The training wheels are now off – I’ve completed all ‘set projects’ given to me by the school and am now wobbling my way around making my first piece of furniture, a hallway table called “Black Swan”.
This design has been on the boil ever since I started the course six months ago, and evolved from my awkward, ill-proportioned and over-embellished early sketches to what you see here in the water colour above.
A Magnum Opus it’s not, but it’s a design that represents some themes I wanted to explore and use to inform the story of the design.
In short, Black Swan draws inspiration from the echoes of the complex intertwined relationship between old Australia and new, and in parallel reflects my own more immediate experience. The legs are poised in dance, flexing in a compression – fitting of either the corroboree or the ballet, or of course the curvature of the neck of a swan.
Ebonised by the reaction of the oak’s tannins and iron oxide, the black not only symbolises the colour of Australia’s endemic equivalent to England’s royal bird, but is equally a nod to the charred trunks of a summer bush fire.
The top, made from English Pear with its gentle autumnal hues, subtle figure and manicured sunburst will rest with its restrained proportions atop the legs… with a slight air of detachment. The apparent separation between the two is challenged by the legs cutting unyieldingly up and through the carcass to the top.

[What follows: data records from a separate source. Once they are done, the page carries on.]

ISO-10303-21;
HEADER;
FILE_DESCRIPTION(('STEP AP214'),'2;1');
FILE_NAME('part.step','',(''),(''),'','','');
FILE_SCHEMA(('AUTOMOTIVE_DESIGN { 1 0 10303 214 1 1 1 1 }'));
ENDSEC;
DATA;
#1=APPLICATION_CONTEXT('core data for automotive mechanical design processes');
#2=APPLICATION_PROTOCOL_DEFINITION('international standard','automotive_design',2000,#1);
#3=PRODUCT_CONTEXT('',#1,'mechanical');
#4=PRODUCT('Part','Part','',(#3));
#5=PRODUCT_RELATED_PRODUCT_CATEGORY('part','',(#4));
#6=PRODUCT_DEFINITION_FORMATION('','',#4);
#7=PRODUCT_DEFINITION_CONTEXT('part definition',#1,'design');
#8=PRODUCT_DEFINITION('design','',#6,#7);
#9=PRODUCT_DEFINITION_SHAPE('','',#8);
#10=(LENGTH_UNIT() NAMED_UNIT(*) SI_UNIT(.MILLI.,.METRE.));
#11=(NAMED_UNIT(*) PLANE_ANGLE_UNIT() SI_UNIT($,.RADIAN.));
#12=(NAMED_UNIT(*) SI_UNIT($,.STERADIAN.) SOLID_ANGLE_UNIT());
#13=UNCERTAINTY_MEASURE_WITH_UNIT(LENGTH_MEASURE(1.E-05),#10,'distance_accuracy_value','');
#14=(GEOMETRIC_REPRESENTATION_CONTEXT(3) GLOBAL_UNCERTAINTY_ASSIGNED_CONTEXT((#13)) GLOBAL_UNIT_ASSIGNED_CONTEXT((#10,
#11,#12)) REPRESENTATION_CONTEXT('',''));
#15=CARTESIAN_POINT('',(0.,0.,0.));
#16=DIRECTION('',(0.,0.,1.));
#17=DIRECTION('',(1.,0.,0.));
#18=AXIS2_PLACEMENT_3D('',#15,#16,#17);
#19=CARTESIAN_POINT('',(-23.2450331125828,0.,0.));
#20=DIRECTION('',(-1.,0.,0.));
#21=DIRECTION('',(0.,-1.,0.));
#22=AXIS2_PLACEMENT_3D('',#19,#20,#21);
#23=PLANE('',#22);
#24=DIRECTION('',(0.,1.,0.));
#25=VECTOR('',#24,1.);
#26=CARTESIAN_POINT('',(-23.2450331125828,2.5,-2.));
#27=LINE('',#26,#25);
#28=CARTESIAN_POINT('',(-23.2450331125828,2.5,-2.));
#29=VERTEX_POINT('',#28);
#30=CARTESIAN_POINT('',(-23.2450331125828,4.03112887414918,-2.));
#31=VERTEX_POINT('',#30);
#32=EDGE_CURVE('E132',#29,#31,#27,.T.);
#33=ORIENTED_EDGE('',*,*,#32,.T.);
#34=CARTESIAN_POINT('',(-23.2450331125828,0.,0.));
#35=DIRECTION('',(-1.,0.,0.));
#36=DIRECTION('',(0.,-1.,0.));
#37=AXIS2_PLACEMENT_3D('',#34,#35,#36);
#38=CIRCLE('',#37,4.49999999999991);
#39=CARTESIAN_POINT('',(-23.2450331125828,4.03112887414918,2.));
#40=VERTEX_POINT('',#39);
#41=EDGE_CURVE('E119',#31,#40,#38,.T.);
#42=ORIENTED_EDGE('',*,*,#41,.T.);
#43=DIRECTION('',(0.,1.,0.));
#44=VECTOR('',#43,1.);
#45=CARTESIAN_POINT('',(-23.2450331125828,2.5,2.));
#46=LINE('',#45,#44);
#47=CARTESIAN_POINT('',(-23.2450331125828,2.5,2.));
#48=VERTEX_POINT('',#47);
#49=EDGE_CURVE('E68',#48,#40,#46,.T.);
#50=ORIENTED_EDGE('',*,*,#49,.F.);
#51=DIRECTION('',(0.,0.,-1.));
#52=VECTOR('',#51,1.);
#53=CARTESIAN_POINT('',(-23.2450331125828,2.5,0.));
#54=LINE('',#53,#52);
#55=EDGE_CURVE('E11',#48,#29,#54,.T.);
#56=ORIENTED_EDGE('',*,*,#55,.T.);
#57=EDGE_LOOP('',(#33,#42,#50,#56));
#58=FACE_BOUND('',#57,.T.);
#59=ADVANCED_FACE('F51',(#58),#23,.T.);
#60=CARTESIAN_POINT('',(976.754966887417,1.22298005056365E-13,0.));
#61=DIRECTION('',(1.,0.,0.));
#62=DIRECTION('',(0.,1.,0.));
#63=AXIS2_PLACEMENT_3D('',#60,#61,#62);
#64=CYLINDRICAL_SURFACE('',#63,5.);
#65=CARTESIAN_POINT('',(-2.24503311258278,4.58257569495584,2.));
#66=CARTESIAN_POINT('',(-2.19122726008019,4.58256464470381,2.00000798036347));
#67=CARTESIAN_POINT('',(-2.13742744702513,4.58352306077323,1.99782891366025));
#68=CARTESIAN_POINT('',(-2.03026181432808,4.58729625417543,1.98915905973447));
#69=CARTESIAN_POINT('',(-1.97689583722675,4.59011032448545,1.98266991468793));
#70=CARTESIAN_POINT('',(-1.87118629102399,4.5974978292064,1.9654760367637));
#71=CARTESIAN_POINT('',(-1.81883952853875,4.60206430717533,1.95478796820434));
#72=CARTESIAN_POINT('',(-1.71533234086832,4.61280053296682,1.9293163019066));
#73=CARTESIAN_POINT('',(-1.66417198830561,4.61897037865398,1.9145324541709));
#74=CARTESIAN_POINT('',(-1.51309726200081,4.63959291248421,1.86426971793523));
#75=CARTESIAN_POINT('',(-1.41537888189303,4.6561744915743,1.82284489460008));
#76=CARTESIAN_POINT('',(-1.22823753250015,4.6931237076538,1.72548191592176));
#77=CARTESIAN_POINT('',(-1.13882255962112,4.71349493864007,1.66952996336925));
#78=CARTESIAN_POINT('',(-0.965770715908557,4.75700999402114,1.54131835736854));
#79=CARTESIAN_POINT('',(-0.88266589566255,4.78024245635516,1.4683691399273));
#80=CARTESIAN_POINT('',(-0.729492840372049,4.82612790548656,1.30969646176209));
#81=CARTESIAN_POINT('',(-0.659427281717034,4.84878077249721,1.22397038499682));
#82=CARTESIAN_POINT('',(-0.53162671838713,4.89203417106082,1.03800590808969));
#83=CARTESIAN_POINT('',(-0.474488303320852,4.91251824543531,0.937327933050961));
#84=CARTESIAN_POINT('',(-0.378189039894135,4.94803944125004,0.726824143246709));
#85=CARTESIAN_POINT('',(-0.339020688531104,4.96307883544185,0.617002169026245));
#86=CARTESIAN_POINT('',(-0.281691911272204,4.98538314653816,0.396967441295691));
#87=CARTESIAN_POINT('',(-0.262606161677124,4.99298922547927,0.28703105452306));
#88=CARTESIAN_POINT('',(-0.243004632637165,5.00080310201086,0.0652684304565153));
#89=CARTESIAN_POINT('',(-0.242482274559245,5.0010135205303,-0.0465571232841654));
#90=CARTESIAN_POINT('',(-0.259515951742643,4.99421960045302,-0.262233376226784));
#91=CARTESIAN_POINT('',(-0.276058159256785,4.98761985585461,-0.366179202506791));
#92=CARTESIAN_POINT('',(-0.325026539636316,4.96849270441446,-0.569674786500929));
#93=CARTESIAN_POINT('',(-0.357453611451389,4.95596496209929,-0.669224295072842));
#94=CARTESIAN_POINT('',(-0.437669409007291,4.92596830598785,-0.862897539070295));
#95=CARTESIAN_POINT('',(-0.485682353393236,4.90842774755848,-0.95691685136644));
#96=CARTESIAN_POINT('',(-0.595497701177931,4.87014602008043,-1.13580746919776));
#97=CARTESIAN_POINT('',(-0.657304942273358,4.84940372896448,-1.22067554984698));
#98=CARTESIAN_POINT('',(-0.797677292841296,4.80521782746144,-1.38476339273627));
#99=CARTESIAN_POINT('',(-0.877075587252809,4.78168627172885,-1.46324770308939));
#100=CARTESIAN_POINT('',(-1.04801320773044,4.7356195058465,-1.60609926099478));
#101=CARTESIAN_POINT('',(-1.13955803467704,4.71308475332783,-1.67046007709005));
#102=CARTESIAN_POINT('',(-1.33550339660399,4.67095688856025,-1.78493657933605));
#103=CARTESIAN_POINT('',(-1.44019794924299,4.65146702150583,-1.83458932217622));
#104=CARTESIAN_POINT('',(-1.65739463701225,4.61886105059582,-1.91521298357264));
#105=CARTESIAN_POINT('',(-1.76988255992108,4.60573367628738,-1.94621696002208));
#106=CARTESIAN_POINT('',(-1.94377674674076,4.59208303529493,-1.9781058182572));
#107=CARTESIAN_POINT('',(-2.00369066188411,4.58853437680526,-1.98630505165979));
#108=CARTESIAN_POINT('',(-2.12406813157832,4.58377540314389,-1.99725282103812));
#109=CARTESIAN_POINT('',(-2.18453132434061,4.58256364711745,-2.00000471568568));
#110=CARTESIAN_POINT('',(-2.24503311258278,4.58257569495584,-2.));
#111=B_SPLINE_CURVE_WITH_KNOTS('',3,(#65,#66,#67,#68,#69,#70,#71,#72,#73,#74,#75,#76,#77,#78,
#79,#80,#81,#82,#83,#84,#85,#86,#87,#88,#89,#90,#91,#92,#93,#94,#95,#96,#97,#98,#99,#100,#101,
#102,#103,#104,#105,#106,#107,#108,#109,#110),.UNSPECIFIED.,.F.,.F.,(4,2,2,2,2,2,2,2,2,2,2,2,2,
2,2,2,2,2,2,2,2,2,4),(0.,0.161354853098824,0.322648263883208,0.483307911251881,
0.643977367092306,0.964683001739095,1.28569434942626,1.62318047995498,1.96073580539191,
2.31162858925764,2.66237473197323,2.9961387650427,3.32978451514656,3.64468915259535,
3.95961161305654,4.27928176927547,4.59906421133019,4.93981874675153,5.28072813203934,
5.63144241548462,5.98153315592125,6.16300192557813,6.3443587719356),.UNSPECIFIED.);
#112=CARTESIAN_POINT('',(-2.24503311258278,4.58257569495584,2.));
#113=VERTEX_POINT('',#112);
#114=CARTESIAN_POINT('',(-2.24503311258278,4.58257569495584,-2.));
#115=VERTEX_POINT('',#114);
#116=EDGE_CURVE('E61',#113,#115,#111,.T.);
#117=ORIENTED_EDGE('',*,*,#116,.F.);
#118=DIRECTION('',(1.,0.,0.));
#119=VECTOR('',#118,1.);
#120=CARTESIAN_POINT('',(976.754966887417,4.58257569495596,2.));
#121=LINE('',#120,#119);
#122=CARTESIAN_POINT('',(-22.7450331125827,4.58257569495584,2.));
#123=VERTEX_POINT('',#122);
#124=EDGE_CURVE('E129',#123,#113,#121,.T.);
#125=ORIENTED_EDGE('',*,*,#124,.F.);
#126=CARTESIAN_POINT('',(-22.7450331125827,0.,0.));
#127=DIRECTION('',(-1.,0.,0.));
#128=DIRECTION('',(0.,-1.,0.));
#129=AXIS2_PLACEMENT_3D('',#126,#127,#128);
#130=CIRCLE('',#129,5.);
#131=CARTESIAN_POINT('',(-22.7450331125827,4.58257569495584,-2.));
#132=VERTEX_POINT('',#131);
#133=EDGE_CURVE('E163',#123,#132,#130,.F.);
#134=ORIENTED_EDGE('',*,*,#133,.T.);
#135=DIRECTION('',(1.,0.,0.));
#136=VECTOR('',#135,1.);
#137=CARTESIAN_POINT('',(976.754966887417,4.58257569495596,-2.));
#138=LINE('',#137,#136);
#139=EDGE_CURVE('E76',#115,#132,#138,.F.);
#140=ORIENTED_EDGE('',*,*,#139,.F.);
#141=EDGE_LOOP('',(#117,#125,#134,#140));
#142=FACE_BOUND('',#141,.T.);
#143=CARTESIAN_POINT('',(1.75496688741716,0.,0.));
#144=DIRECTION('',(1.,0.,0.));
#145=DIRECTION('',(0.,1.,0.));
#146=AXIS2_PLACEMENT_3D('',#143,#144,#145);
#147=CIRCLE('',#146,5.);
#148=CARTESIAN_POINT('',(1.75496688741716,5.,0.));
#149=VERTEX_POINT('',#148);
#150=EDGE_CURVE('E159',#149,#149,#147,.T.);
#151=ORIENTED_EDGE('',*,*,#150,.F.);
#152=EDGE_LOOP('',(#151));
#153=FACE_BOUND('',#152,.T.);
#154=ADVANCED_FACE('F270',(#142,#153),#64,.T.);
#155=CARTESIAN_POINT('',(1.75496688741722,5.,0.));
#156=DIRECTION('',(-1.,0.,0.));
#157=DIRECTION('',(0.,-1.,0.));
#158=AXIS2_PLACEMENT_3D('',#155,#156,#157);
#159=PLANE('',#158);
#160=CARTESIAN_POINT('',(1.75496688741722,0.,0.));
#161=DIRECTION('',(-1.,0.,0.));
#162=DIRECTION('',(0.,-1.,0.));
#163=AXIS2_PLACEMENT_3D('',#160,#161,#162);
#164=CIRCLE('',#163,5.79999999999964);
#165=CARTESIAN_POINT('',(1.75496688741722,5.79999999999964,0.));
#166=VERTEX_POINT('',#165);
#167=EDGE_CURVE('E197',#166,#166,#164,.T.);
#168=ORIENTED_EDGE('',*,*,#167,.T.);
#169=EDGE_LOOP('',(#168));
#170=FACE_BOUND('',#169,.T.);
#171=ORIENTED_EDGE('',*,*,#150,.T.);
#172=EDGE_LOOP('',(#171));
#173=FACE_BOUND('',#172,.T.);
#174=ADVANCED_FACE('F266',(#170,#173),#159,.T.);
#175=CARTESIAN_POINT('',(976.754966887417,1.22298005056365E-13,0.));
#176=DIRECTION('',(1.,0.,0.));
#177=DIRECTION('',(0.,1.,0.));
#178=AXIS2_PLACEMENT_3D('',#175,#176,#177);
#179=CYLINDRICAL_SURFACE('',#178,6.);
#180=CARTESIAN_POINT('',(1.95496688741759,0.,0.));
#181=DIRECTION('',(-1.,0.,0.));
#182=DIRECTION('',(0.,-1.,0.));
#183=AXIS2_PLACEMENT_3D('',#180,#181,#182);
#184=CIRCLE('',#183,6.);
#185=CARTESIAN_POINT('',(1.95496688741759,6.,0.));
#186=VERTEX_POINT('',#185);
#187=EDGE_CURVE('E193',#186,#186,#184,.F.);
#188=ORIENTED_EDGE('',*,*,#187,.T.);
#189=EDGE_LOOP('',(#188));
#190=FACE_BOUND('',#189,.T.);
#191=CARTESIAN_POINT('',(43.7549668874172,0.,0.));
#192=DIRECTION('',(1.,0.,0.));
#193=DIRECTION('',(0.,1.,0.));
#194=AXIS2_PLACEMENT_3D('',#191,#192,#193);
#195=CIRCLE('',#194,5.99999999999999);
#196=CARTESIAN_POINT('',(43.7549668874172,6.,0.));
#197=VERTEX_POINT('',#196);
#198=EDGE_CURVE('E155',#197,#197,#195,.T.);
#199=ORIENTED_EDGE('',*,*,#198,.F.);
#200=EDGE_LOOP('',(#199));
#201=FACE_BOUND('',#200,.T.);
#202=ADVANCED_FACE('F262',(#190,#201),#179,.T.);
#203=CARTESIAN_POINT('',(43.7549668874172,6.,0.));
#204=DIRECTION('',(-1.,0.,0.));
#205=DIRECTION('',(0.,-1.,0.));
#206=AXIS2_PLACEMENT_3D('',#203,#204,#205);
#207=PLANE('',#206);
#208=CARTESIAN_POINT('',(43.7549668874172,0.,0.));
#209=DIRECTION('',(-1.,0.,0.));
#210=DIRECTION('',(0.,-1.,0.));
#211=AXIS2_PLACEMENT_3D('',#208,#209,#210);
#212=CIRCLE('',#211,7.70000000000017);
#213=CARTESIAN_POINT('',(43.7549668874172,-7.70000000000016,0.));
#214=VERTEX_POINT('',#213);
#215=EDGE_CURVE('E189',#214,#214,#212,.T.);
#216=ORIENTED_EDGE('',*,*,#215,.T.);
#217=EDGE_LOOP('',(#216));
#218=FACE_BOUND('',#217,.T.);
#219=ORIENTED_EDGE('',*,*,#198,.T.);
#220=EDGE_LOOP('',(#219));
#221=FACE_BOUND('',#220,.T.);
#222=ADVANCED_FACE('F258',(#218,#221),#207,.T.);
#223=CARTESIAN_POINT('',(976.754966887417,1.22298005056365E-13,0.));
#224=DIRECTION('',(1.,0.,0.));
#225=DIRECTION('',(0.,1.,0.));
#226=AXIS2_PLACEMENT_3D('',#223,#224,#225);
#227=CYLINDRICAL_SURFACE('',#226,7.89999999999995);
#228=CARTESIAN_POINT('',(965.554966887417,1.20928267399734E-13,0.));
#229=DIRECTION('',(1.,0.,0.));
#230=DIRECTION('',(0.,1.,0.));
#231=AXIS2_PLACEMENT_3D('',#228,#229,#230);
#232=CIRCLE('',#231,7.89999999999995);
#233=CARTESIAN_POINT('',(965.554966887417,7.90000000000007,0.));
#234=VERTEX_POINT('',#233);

I’ve wanted to incorporate traditional elements of cabinetry design without being a slave to it. Most importantly, I hope this piece will walk that delicate line between being bold and being self indulgent… but that will ultimately be your call.
In my following posts I’ll talk about its construction, sustainability and some of the challenges I’ve come across. And in a few month’s time I look forward to showing you the finished piece.